Enabling Gbps home-internet speeds on copper


April 10, 2013


Aakanksha Chowdhery


Stanford University


The explosion of Internet-enabled devices in home networks, especially video-content on these devices, threatens to choke the current broadband-access speeds (25 Mbps) feeding the Wi-Fi and small-cell wireless connections. The data-rates and service-quality in next-generation copper-access networks, such as digital subscriber lines (DSLs), can be improved by an order-of-magnitude by using an innovative approach called Dynamic Spectrum Management (DSM). DSM algorithms effectively mitigate the interference and intermittent noises on the lines by configuring them dynamically based on the operational network data collected at a Spectrum Management Center.

In this talk, I will provide a brief overview of three increasingly sophisticated levels of DSM algorithms that improve the access speeds and service quality: Level 1 DSM to tackle intermittent noises, Level 2 DSM to manage power and interference, and Level 3 DSM to cancel interference. In particular, the talk focuses on novel Level 2 DSM algorithms for next-generation DSL technology based on “vectored” DSLs that promise to deliver multi-100 Mbps speeds by using sophisticated signal processing to cancel multi-line interference. In many practical deployments, lines employing “vectored” DSLs co-exist with legacy DSL lines, owing to unbundled networks or incremental network upgrades, resulting in undesirable interference. I will present novel DSM algorithms that can maximize the data-rate gains of vectored DSLs even when they co-exist with legacy lines, especially focusing on practical approximations that are easy to implement and standardize. The proposed DSM algorithms promise gradual incremental upgrade of next-generation DSLs to multi-100Mbps/Gbps backhaul for Wi-Fi connections or small wireless cells everywhere.


Aakanksha Chowdhery

Aakanksha Chowdhery received her B.Tech degree in Electrical Engineering from Indian Institute of Technology, Delhi in 2007, and her MS degree in Electrical Engineering from Stanford University in 2009, where she will complete her PhD with Prof. John M. Cioffi by June 2013. Her research interests include multi-user communications, networking, signal processing, and information theory, with applications to next-generation wire-line and wireless networks.

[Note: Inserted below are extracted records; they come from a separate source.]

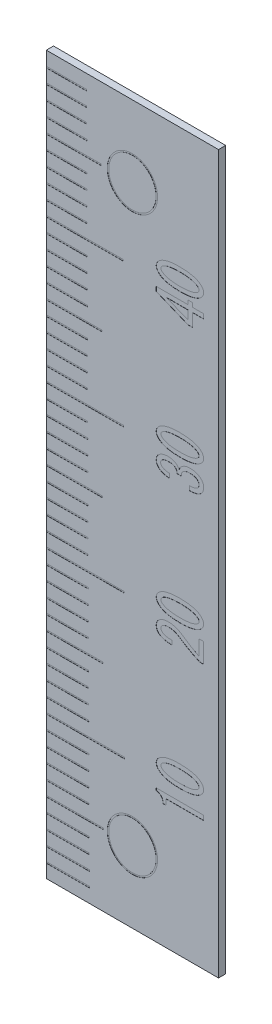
from build123d import *

# Parameters (mm, degrees)
SKETCH1_W      = 12
SKETCH1_H      = 50
EXTRUDE1_DEPTH = 0.5
SKETCH2_R      = 1.75
SKETCH2_R_2    = 1.65
EXTRUDE2_DEPTH = 0.01
EXTRUDE3_DEPTH = 0.01
EXTRUDE4_DEPTH = 0.01


with BuildPart() as part:
    # Sketch1 → Extrude1 (new body)
    with BuildSketch(Plane.XY):
        with Locations((6, 25)):
            Rectangle(SKETCH1_W, SKETCH1_H)
    extrude(amount=EXTRUDE1_DEPTH)

    # Sketch2 → Extrude2 (cut)
    # profile 1 of 2: a face of its own
    with BuildSketch(Plane.XY.offset(0.5)):
        with Locations((6, 5)):
            Circle(SKETCH2_R)
        with Locations((6, 5)):
            Circle(SKETCH2_R_2, mode=Mode.SUBTRACT)
    # profile 2 of 2: a face of its own
    with BuildSketch(Plane.XY.offset(0.5)):
        with Locations((6, 45)):
            Circle(SKETCH2_R)
        with Locations((6, 45)):
            Circle(SKETCH2_R_2, mode=Mode.SUBTRACT)
    extrude(amount=-EXTRUDE2_DEPTH, mode=Mode.SUBTRACT)

    # Sketch3 → Extrude3 (cut)
    # profile 1 of 8: a face of its own
    with BuildSketch(Plane.XY.offset(0.5)):
        Polygon((10.964202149, 39.253595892), (10.576078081, 39.253595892), (10.18481385, 39.253595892), (10.18481385, 38.358021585), (9.863889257, 38.358021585), (7.659495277, 39.263016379), (7.659495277, 39.57326442), (9.863889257, 39.57326442), (9.863889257, 39.857135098), (10.18481385, 39.857135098), (10.18481385, 39.57326442), (10.964202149, 39.57326442), align=None)
        Polygon((9.863889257, 39.253595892), (8.371684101, 39.253595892), (9.863889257, 38.655080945), align=None, mode=Mode.SUBTRACT)
    # profile 2 of 8: a face of its own
    with BuildSketch(Plane.XY.offset(0.5)):
        with BuildLine():
            add(Edge.make_bspline(
                [(9.304312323, 40.08636695), (9.263487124, 40.086598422), (9.183284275, 40.087053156), (9.065184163, 40.090916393), (8.951677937, 40.097059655), (8.842790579, 40.105920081), (8.738418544, 40.116877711), (8.638826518, 40.131643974), (8.543659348, 40.147711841), (8.453367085, 40.166540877), (8.367534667, 40.187646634), (8.286660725, 40.212475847), (8.209981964, 40.238496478), (8.13792646, 40.267351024), (8.071052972, 40.299483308), (8.008231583, 40.333293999), (7.950513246, 40.370357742), (7.914537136, 40.397244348), (7.896891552, 40.410431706)],
                knots=[0, 0, 0, 0, 1.334199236, 2.621091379, 3.861325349, 5.048806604, 6.191184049, 7.29033474, 8.338632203, 9.344988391, 10.304094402, 11.226124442, 12.10888774, 12.949942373, 13.760906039, 14.53244093, 15.280190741, 16, 16, 16, 16], degree=3))
            add(Edge.make_bspline(
                [(7.896891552, 40.410431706), (7.877886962, 40.425936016), (7.841081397, 40.455962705), (7.793642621, 40.506288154), (7.75209867, 40.556343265), (7.718531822, 40.608467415), (7.691781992, 40.661574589), (7.673561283, 40.716630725), (7.661657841, 40.77250316), (7.660214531, 40.810429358), (7.659495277, 40.829329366)],
                knots=[0, 0, 0, 0, 1.179273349, 2.283859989, 3.322502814, 4.306324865, 5.261663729, 6.17616916, 7.091118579, 8, 8, 8, 8], degree=3))
            add(Edge.make_bspline(
                [(7.659495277, 40.829329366), (7.660212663, 40.848230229), (7.661652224, 40.886158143), (7.67358392, 40.942017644), (7.691636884, 40.996945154), (7.718688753, 41.049705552), (7.752296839, 41.101723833), (7.793217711, 41.152330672), (7.841340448, 41.202029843), (7.877935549, 41.232049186), (7.896891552, 41.247598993)],
                knots=[0, 0, 0, 0, 0.909839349, 1.825753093, 2.741222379, 3.688535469, 4.673394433, 5.720979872, 6.819483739, 8, 8, 8, 8], degree=3))
            add(Edge.make_bspline(
                [(7.896891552, 41.247598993), (7.914537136, 41.260786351), (7.950513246, 41.287672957), (8.008231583, 41.3247367), (8.071052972, 41.358547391), (8.13792646, 41.390679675), (8.209981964, 41.419534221), (8.286660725, 41.445554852), (8.367534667, 41.470384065), (8.453367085, 41.491489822), (8.543659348, 41.510318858), (8.638826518, 41.526386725), (8.738418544, 41.541152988), (8.842790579, 41.552110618), (8.951677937, 41.560971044), (9.065184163, 41.567114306), (9.183284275, 41.570977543), (9.263487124, 41.571432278), (9.304312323, 41.571663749)],
                knots=[0, 0, 0, 0, 0.719809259, 1.46755907, 2.239093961, 3.050057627, 3.89111226, 4.773875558, 5.695905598, 6.655011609, 7.661367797, 8.70966526, 9.808815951, 10.951193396, 12.138674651, 13.378908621, 14.665800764, 16, 16, 16, 16], degree=3))
            add(Edge.make_bspline(
                [(9.304312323, 41.571663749), (9.345974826, 41.571432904), (9.427642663, 41.570980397), (9.547627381, 41.567132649), (9.662805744, 41.560946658), (9.773365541, 41.552091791), (9.879218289, 41.541255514), (9.980042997, 41.52631378), (10.076267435, 41.510328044), (10.167806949, 41.49146689), (10.25471717, 41.470480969), (10.336402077, 41.445542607), (10.413707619, 41.419531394), (10.486394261, 41.390685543), (10.553875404, 41.358519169), (10.617234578, 41.324907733), (10.675058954, 41.28765614), (10.711041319, 41.260780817), (10.728689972, 41.247598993)],
                knots=[0, 0, 0, 0, 1.346341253, 2.639130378, 3.8790076, 5.073442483, 6.223226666, 7.316783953, 8.366697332, 9.375051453, 10.336565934, 11.254764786, 12.134057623, 12.971986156, 13.779994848, 14.548849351, 15.288238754, 16, 16, 16, 16], degree=3))
            add(Edge.make_bspline(
                [(10.728689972, 41.247598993), (10.747351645, 41.231964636), (10.783604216, 41.201592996), (10.832476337, 41.152791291), (10.872490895, 41.101447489), (10.906527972, 41.049937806), (10.932289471, 40.996615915), (10.951811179, 40.942259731), (10.962410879, 40.886054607), (10.964024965, 40.848209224), (10.964830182, 40.829329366)],
                knots=[0, 0, 0, 0, 1.1743338, 2.28128622, 3.323893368, 4.309986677, 5.254013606, 6.173907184, 7.08902033, 8, 8, 8, 8], degree=3))
            add(Edge.make_bspline(
                [(10.964830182, 40.829329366), (10.964023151, 40.81045032), (10.962405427, 40.772606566), (10.95183315, 40.716389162), (10.932141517, 40.661902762), (10.906685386, 40.608236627), (10.872691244, 40.556620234), (10.832051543, 40.505827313), (10.783860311, 40.456400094), (10.747399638, 40.426020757), (10.728689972, 40.410431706)],
                knots=[0, 0, 0, 0, 0.910025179, 1.824179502, 2.743109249, 3.69522398, 4.680284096, 5.713901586, 6.826896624, 8, 8, 8, 8], degree=3))
            add(Edge.make_bspline(
                [(10.728689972, 40.410431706), (10.711041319, 40.397249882), (10.675058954, 40.370374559), (10.617234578, 40.333122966), (10.553875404, 40.29951153), (10.486394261, 40.267345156), (10.413707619, 40.238499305), (10.336402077, 40.212488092), (10.25471717, 40.18754973), (10.167806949, 40.166563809), (10.076267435, 40.147702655), (9.980042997, 40.131716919), (9.879218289, 40.116775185), (9.773365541, 40.105938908), (9.662805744, 40.097084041), (9.547627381, 40.09089805), (9.427642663, 40.087050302), (9.345974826, 40.086597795), (9.304312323, 40.08636695)],
                knots=[0, 0, 0, 0, 0.711761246, 1.451150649, 2.220005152, 3.028013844, 3.865942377, 4.745235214, 5.663434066, 6.624948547, 7.633302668, 8.683216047, 9.776773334, 10.926557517, 12.1209924, 13.360869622, 14.653658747, 16, 16, 16, 16], degree=3))
        make_face()
        with BuildLine():
            add(Edge.make_bspline(
                [(9.304312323, 41.261415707), (9.267676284, 41.261069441), (9.195861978, 41.260390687), (9.090316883, 41.258165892), (8.989150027, 41.253278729), (8.892481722, 41.245290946), (8.80022693, 41.237179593), (8.712814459, 41.225295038), (8.629718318, 41.213328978), (8.551258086, 41.197943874), (8.47692929, 41.181420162), (8.407398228, 41.16150603), (8.341873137, 41.141413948), (8.281453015, 41.117852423), (8.225379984, 41.092883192), (8.173815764, 41.065786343), (8.126168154, 41.037204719), (8.097468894, 41.015283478), (8.083417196, 41.004550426)],
                knots=[0, 0, 0, 0, 1.387476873, 2.71974516, 3.997715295, 5.222316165, 6.392993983, 7.5041764, 8.562605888, 9.571696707, 10.531368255, 11.445041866, 12.310057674, 13.125709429, 13.899281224, 14.633331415, 15.330853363, 16, 16, 16, 16], degree=3))
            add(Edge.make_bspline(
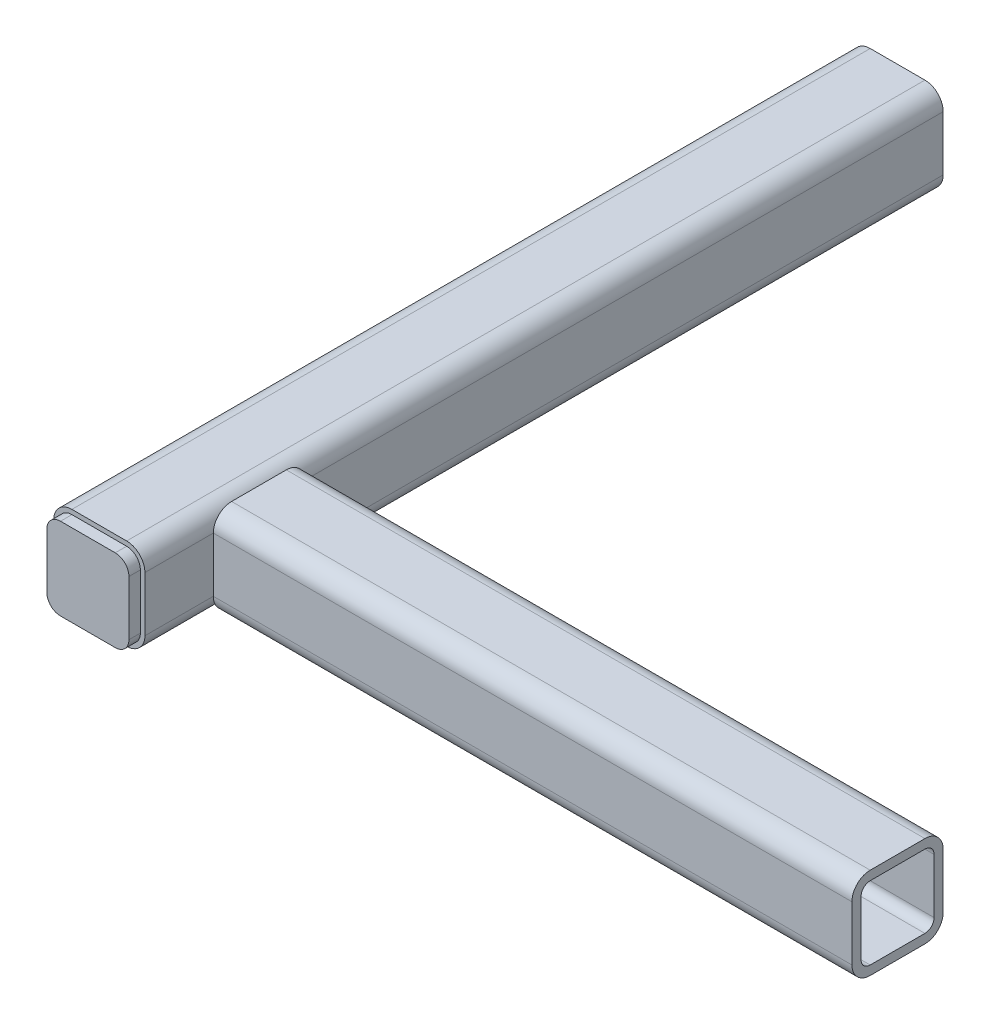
from build123d import *

# Parameters (mm, degrees)
SQUARE_TUBE_20_X_20_X_2_1_DEPTH   = 175
SQUARE_TUBE_20_X_20_X_2_1_2_DEPTH = 151
END_CAP1_INSET                    = 1
END_CAP1_THICKNESS                = 2.5


with BuildPart() as part:
    # Sketch13 → Square tube 20 X 20 X 2_1 (new body)
    with BuildSketch(Plane.XY.offset(-150)):
        with BuildLine():
            Line((-6, -10), (6, -10))
            ThreePointArc((6, -10), (8.828427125, -8.828427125), (10, -6))
            Line((10, -6), (10, 6))
            ThreePointArc((10, 6), (8.828427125, 8.828427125), (6, 10))
            Line((6, 10), (-6, 10))
            ThreePointArc((-6, 10), (-8.828427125, 8.828427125), (-10, 6))
            Line((-10, 6), (-10, -6))
            ThreePointArc((-10, -6), (-8.828427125, -8.828427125), (-6, -10))
        make_face()
        with BuildLine():
            Line((-6, -8), (6, -8))
            ThreePointArc((6, -8), (7.414213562, -7.414213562), (8, -6))
            Line((8, -6), (8, 6))
            ThreePointArc((8, 6), (7.414213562, 7.414213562), (6, 8))
            Line((6, 8), (-6, 8))
            ThreePointArc((-6, 8), (-7.414213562, 7.414213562), (-8, 6))
            Line((-8, 6), (-8, -6))
            ThreePointArc((-8, -6), (-7.414213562, -7.414213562), (-6, -8))
        make_face(mode=Mode.SUBTRACT)
    extrude(amount=SQUARE_TUBE_20_X_20_X_2_1_DEPTH)


with BuildPart() as body_2:
    # Sketch13 on segment 2 (on carried to segment 2) → Square tube 20 X 20 X 2_1 2 (new body)
    with BuildSketch(Plane(origin=(-1, 0, 0), x_dir=(0, 0, -1), z_dir=(1, 0, 0))):
        with BuildLine():
            Line((-6, -10), (6, -10))
            ThreePointArc((6, -10), (8.828427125, -8.828427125), (10, -6))
            Line((10, -6), (10, 6))
            ThreePointArc((10, 6), (8.828427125, 8.828427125), (6, 10))
            Line((6, 10), (-6, 10))
            ThreePointArc((-6, 10), (-8.828427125, 8.828427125), (-10, 6))
            Line((-10, 6), (-10, -6))
            ThreePointArc((-10, -6), (-8.828427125, -8.828427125), (-6, -10))
        make_face()
        with BuildLine():
            Line((-6, -8), (6, -8))
            ThreePointArc((6, -8), (7.414213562, -7.414213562), (8, -6))
            Line((8, -6), (8, 6))
            ThreePointArc((8, 6), (7.414213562, 7.414213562), (6, 8))
            Line((6, 8), (-6, 8))
            ThreePointArc((-6, 8), (-7.414213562, 7.414213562), (-8, 6))
            Line((-8, 6), (-8, -6))
            ThreePointArc((-8, -6), (-7.414213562, -7.414213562), (-6, -8))
        make_face(mode=Mode.SUBTRACT)
    extrude(amount=SQUARE_TUBE_20_X_20_X_2_1_2_DEPTH)

    # Square tube 20 X 20 X 2_1 2 end butt 1
    split(bisect_by=Plane.YZ.offset(10), keep=Keep.TOP)


with BuildPart() as body_3:
    # End cap1: an end cap: a plate 2.5 thick on the member's open end, its outline the end's outer outline set in by 1.0
    end_cap1_end = part.part.faces().sort_by_distance((-8, -8, 25))[0]
    add(extrude(Face(end_cap1_end.outer_wire().offset_2d(-END_CAP1_INSET)), amount=END_CAP1_THICKNESS, dir=(0, 0, 1)))


solid = Compound([part.part, body_2.part, body_3.part])

Aakanksha received the Marconi Society’s Paul Baran Young Scholar Award in 2012 in recognition of “superior academic performance and the potential to make significant contributions to the science of communications.” She is a recipient of Stanford’s Diversifying Academia and Recruiting Excellence (DARE) fellowship in 2010-12 and Stanford’s School of Engineering fellowship in 2007-08. She was also a silver medalist at IIT Delhi in 2007.